- [DATA FOR THIS EXERCISE]:
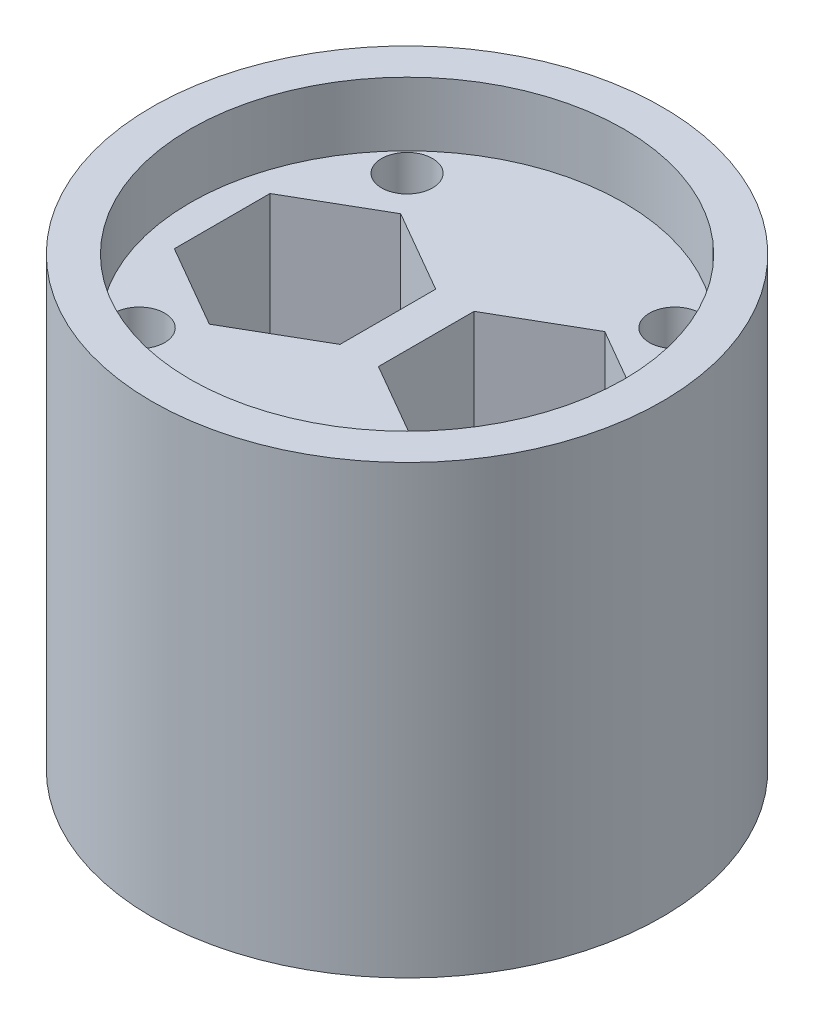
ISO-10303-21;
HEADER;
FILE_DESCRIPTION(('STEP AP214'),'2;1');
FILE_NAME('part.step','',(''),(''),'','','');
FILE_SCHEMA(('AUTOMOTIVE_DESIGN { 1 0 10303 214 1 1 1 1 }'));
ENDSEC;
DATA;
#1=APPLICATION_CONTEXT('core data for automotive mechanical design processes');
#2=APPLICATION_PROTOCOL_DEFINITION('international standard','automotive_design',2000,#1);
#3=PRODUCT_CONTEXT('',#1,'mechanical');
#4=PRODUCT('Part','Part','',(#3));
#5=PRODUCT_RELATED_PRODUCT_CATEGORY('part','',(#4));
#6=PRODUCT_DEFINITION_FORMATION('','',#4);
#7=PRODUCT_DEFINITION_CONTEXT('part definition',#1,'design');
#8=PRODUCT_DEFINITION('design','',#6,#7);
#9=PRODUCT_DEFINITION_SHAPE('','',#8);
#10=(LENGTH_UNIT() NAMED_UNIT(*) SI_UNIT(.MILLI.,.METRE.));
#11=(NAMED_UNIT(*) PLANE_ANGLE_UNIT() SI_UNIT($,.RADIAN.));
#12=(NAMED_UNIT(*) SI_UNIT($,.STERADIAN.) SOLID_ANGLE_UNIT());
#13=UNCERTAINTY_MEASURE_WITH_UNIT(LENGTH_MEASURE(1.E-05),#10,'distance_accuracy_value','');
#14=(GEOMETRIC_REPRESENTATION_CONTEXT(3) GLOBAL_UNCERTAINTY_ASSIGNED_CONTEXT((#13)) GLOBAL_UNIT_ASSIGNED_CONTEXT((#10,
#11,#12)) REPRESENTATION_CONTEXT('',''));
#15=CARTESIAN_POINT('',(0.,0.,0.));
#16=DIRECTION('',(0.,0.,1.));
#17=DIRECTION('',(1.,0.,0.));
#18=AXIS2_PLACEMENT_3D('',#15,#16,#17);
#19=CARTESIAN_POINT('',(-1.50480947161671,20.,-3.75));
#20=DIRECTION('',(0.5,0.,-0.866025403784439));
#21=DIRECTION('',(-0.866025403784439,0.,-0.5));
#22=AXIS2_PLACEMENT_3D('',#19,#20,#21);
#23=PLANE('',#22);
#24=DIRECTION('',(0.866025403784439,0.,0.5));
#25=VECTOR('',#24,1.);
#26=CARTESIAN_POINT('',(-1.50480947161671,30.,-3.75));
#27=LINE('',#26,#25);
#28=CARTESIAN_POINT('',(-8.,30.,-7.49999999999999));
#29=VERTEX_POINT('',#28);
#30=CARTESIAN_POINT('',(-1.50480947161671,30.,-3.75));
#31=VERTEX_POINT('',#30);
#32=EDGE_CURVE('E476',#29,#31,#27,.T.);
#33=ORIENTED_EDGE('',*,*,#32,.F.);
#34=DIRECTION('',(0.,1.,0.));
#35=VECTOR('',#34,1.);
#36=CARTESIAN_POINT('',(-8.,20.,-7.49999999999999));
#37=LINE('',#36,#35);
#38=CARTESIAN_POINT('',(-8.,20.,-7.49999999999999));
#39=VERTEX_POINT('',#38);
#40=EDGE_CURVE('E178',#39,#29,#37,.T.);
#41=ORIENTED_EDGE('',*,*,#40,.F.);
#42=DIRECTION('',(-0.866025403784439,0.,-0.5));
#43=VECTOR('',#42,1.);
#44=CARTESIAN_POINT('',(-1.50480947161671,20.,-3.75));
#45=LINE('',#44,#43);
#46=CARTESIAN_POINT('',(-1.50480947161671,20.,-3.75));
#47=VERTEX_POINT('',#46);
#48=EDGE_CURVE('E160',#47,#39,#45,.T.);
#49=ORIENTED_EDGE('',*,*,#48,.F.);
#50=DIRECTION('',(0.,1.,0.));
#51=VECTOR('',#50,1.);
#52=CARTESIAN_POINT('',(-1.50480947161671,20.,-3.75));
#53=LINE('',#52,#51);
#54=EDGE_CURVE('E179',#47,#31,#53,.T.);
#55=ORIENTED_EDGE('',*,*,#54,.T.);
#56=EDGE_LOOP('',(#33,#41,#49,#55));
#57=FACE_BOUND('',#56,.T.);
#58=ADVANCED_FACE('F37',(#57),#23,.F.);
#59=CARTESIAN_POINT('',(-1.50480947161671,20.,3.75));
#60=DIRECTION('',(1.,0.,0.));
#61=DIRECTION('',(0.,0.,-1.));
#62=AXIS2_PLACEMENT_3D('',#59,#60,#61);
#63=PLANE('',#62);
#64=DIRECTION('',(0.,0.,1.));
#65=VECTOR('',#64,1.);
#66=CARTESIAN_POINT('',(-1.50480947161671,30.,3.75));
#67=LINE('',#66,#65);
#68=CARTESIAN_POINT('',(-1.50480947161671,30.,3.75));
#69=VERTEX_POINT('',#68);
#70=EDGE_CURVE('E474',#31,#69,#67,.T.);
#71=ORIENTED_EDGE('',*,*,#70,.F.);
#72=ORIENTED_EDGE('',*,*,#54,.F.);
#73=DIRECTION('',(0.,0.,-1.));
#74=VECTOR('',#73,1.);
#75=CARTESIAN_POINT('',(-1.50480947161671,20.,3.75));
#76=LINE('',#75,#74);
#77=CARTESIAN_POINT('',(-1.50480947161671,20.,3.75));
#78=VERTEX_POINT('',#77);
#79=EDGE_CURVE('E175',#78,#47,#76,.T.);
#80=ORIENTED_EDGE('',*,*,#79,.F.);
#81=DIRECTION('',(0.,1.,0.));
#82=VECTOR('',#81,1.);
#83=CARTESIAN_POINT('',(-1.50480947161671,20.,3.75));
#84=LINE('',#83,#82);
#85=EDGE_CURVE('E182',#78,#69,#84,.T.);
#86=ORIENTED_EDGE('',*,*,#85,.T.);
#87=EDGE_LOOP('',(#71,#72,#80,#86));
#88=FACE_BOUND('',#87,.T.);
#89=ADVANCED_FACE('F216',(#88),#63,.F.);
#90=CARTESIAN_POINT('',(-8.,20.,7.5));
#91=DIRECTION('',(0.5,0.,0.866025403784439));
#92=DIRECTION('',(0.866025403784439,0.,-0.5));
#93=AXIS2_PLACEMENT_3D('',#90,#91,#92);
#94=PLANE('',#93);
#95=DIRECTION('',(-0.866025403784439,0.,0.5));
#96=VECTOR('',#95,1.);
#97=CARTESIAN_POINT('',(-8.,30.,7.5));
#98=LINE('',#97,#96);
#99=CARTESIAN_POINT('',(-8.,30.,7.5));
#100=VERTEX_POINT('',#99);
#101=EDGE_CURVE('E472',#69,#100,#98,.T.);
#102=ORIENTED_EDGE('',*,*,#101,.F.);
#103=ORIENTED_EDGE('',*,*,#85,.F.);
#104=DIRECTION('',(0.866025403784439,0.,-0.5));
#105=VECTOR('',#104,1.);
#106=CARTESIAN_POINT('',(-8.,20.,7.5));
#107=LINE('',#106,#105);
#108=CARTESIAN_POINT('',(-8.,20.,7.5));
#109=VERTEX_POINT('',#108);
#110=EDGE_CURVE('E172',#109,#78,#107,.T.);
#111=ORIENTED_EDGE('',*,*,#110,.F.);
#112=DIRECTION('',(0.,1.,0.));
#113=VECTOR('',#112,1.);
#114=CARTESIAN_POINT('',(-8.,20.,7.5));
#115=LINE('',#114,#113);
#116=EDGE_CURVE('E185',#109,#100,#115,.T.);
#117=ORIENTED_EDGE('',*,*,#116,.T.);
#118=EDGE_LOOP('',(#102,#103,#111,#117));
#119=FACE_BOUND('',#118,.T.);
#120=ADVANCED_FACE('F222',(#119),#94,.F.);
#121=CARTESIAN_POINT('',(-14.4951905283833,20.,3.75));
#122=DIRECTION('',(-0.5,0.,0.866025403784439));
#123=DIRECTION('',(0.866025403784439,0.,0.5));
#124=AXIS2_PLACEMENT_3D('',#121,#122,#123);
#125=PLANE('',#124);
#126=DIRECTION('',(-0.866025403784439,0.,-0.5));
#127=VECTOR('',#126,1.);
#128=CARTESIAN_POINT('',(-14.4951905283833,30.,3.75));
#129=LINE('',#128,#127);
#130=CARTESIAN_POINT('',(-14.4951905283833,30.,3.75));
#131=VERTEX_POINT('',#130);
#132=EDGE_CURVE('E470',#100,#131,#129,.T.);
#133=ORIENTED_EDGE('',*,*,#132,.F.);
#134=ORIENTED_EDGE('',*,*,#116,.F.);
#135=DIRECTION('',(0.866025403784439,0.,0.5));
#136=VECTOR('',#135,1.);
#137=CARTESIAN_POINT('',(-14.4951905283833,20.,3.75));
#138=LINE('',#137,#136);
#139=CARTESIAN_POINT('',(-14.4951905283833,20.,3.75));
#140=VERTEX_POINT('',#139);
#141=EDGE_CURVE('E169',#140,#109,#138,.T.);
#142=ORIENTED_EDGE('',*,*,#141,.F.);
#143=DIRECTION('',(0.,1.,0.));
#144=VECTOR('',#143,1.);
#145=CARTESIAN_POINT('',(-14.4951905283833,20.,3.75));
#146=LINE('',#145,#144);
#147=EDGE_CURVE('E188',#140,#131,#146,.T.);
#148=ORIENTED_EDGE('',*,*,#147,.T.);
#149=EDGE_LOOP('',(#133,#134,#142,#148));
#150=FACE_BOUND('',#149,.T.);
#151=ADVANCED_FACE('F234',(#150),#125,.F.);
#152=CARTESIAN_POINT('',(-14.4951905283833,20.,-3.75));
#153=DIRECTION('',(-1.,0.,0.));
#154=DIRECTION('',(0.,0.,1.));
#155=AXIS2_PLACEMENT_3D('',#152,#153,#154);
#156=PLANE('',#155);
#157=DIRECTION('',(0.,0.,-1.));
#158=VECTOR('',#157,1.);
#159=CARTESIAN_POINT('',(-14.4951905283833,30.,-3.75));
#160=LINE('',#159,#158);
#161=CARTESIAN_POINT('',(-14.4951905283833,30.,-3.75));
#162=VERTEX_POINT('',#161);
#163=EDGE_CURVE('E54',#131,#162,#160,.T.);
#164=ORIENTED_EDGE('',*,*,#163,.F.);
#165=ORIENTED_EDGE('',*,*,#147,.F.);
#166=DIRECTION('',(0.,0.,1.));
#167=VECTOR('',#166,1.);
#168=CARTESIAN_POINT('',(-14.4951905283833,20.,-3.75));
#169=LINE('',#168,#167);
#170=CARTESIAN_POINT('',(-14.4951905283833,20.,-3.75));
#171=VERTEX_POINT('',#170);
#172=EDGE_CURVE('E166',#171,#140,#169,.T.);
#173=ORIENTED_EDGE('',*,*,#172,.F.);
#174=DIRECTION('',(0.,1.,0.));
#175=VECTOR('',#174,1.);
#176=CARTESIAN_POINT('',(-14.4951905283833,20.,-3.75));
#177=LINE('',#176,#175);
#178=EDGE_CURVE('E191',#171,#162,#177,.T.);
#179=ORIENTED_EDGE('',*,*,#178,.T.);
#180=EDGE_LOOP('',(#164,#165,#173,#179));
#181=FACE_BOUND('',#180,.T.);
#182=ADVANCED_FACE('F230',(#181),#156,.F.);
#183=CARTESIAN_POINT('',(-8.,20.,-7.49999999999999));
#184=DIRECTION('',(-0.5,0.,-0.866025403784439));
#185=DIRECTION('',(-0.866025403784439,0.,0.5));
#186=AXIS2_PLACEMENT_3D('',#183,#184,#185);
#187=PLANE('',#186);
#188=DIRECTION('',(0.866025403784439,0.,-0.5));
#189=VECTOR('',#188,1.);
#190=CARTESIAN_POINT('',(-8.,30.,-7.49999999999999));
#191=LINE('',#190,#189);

- [AIM OF THE EXERCISE]: Write out exactly the lines of the material above, starting with the first and finishing with the line that contains "#12=(NAMED_UNIT(*) SI_UNIT($,.STERADIAN.) SOLID_ANGLE_UNIT());", without pictures.

- [WRITTEN RESPONSE]:
ISO-10303-21;
HEADER;
FILE_DESCRIPTION(('STEP AP214'),'2;1');
FILE_NAME('part.step','',(''),(''),'','','');
FILE_SCHEMA(('AUTOMOTIVE_DESIGN { 1 0 10303 214 1 1 1 1 }'));
ENDSEC;
DATA;
#1=APPLICATION_CONTEXT('core data for automotive mechanical design processes');
#2=APPLICATION_PROTOCOL_DEFINITION('international standard','automotive_design',2000,#1);
#3=PRODUCT_CONTEXT('',#1,'mechanical');
#4=PRODUCT('Part','Part','',(#3));
#5=PRODUCT_RELATED_PRODUCT_CATEGORY('part','',(#4));
#6=PRODUCT_DEFINITION_FORMATION('','',#4);
#7=PRODUCT_DEFINITION_CONTEXT('part definition',#1,'design');
#8=PRODUCT_DEFINITION('design','',#6,#7);
#9=PRODUCT_DEFINITION_SHAPE('','',#8);
#10=(LENGTH_UNIT() NAMED_UNIT(*) SI_UNIT(.MILLI.,.METRE.));
#11=(NAMED_UNIT(*) PLANE_ANGLE_UNIT() SI_UNIT($,.RADIAN.));
#12=(NAMED_UNIT(*) SI_UNIT($,.STERADIAN.) SOLID_ANGLE_UNIT());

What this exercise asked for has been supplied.